> _Task goal_:
In the listing below, find the line with "#21852 = DIRECTION" and the line with "#25211 = VERTEX_POINT ( 'NONE', #5690 ) ;". Repeat those two lines and all lines between them exactly.

-=-=-

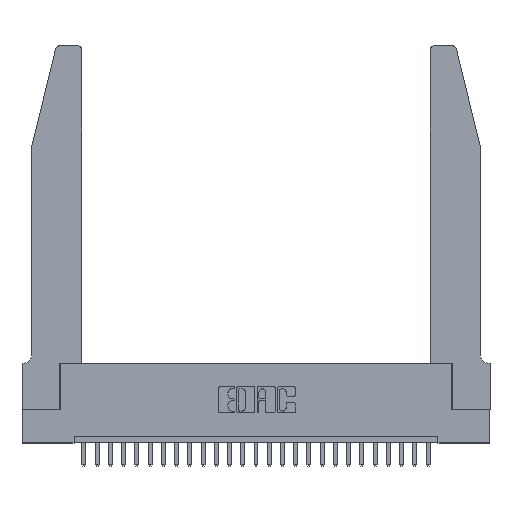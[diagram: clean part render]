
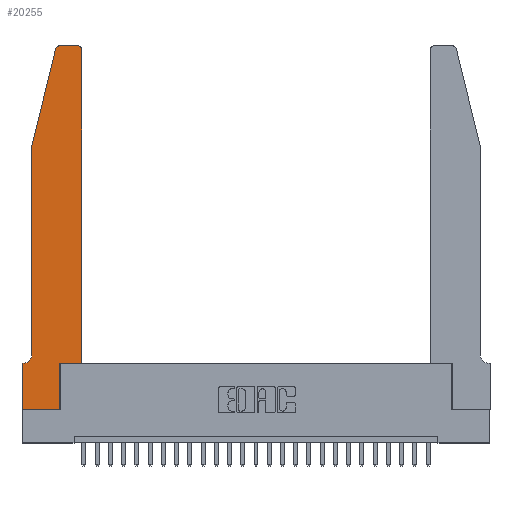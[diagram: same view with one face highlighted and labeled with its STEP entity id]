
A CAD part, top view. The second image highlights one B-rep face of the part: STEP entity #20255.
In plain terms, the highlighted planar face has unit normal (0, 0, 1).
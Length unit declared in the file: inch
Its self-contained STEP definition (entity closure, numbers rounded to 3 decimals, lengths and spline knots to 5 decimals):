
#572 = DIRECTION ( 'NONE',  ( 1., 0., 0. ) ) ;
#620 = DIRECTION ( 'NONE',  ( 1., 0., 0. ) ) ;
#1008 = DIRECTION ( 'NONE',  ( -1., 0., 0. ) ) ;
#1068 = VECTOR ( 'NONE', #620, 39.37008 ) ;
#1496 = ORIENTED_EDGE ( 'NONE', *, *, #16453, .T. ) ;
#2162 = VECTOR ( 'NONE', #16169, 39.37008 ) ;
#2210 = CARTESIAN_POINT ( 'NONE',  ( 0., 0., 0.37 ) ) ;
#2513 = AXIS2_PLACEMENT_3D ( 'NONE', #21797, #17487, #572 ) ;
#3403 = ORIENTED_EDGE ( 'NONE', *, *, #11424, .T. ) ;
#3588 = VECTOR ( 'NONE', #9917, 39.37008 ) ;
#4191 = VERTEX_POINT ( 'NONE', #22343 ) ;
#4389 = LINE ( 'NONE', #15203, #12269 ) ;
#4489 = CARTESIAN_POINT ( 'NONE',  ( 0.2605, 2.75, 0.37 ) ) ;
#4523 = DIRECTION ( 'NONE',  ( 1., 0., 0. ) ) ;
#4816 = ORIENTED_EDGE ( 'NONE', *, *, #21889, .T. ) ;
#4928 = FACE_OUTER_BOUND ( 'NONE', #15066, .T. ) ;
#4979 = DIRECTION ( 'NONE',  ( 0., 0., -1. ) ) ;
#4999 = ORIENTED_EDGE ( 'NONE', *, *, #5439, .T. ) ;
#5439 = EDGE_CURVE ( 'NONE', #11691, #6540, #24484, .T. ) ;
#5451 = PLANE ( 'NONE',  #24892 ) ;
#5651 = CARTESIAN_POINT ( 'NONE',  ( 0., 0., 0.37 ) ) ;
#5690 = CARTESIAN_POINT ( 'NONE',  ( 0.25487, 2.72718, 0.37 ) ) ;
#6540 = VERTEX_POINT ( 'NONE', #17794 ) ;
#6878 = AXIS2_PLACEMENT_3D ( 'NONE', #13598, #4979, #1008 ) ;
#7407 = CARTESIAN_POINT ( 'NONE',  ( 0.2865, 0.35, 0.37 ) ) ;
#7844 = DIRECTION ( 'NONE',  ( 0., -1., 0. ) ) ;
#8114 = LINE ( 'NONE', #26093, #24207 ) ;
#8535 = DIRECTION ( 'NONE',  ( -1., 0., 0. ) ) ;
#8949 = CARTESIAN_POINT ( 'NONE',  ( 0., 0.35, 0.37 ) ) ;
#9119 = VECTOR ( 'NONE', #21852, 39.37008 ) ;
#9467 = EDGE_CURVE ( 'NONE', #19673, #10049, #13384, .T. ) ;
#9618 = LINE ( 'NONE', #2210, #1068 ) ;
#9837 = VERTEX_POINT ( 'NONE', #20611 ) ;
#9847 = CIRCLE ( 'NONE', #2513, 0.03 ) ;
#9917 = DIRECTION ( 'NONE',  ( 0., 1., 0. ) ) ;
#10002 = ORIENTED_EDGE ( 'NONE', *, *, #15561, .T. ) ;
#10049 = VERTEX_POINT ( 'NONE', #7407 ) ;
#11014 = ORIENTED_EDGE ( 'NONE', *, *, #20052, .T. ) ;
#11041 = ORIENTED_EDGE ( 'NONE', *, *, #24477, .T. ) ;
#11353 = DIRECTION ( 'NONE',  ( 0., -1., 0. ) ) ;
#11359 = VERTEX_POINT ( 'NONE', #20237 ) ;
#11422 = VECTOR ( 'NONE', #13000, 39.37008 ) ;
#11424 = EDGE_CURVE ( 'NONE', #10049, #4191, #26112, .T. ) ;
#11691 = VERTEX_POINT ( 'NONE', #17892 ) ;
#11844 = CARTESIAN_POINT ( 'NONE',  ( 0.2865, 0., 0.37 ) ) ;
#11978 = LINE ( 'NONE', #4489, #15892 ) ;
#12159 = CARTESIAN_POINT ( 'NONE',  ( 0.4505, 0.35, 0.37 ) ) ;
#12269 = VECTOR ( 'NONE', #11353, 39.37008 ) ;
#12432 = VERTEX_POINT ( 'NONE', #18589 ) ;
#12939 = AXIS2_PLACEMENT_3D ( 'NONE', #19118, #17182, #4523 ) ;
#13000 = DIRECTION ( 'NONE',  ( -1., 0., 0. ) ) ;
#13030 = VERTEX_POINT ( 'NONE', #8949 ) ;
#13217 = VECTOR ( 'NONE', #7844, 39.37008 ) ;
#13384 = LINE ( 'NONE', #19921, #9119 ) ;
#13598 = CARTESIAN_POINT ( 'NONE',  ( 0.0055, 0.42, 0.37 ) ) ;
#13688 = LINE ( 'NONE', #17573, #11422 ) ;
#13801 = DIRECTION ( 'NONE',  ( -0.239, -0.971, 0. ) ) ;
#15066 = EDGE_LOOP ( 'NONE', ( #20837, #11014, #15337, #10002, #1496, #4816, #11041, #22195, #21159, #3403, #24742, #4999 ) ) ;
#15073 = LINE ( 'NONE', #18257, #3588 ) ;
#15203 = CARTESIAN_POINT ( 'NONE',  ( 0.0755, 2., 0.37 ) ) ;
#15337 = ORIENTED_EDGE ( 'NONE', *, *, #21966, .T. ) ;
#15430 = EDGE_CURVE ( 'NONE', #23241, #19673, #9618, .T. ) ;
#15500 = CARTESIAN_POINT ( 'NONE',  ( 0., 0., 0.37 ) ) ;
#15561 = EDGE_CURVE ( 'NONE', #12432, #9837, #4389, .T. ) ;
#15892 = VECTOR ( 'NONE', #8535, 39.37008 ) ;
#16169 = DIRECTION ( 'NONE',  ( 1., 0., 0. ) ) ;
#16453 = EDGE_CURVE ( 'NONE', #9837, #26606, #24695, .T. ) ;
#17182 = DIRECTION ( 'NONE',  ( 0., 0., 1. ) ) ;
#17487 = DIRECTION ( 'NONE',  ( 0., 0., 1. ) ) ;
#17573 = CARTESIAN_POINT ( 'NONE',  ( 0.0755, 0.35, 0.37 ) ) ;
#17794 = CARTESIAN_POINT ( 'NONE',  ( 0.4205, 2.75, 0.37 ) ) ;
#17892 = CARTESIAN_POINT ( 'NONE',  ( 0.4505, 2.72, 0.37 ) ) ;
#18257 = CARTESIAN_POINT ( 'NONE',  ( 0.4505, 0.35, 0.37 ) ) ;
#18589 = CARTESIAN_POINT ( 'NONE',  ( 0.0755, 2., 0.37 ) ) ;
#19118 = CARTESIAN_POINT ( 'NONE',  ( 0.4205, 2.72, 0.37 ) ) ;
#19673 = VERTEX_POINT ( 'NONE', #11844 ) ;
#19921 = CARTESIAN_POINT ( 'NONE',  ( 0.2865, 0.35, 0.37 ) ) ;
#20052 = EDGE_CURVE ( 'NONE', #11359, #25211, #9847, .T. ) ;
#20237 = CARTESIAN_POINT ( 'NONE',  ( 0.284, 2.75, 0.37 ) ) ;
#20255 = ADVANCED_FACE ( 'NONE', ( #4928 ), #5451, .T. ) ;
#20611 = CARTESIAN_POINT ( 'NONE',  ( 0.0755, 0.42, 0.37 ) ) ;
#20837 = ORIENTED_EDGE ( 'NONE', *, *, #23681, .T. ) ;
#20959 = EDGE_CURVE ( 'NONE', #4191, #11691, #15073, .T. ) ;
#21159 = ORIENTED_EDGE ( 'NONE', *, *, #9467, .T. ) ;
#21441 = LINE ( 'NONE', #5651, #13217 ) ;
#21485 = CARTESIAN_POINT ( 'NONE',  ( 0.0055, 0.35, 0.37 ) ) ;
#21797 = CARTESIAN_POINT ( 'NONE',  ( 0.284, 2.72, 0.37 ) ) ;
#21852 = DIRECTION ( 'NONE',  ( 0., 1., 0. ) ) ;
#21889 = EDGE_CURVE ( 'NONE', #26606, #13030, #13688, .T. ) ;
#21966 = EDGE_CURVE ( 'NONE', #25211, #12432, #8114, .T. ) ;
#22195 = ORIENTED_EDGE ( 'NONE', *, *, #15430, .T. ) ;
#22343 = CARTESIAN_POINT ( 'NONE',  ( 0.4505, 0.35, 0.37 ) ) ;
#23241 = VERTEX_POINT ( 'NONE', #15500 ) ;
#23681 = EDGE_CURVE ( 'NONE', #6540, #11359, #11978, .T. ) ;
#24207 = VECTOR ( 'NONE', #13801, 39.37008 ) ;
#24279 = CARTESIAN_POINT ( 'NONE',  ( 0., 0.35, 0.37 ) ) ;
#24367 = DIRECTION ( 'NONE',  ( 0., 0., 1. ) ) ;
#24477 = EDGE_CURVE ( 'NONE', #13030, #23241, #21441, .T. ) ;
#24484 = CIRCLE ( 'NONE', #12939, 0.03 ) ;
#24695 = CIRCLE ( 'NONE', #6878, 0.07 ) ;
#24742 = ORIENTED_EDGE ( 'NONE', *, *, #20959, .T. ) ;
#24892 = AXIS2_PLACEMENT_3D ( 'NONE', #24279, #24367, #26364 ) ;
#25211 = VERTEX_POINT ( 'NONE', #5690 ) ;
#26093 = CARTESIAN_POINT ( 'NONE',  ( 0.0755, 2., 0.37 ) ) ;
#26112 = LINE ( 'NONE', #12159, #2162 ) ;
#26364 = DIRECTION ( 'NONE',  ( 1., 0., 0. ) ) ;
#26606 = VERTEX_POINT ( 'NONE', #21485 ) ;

-=-=-

> _Response to the task_:
#21852 = DIRECTION ( 'NONE',  ( 0., 1., 0. ) ) ;
#21889 = EDGE_CURVE ( 'NONE', #26606, #13030, #13688, .T. ) ;
#21966 = EDGE_CURVE ( 'NONE', #25211, #12432, #8114, .T. ) ;
#22195 = ORIENTED_EDGE ( 'NONE', *, *, #15430, .T. ) ;
#22343 = CARTESIAN_POINT ( 'NONE',  ( 0.4505, 0.35, 0.37 ) ) ;
#23241 = VERTEX_POINT ( 'NONE', #15500 ) ;
#23681 = EDGE_CURVE ( 'NONE', #6540, #11359, #11978, .T. ) ;
#24207 = VECTOR ( 'NONE', #13801, 39.37008 ) ;
#24279 = CARTESIAN_POINT ( 'NONE',  ( 0., 0.35, 0.37 ) ) ;
#24367 = DIRECTION ( 'NONE',  ( 0., 0., 1. ) ) ;
#24477 = EDGE_CURVE ( 'NONE', #13030, #23241, #21441, .T. ) ;
#24484 = CIRCLE ( 'NONE', #12939, 0.03 ) ;
#24695 = CIRCLE ( 'NONE', #6878, 0.07 ) ;
#24742 = ORIENTED_EDGE ( 'NONE', *, *, #20959, .T. ) ;
#24892 = AXIS2_PLACEMENT_3D ( 'NONE', #24279, #24367, #26364 ) ;
#25211 = VERTEX_POINT ( 'NONE', #5690 ) ;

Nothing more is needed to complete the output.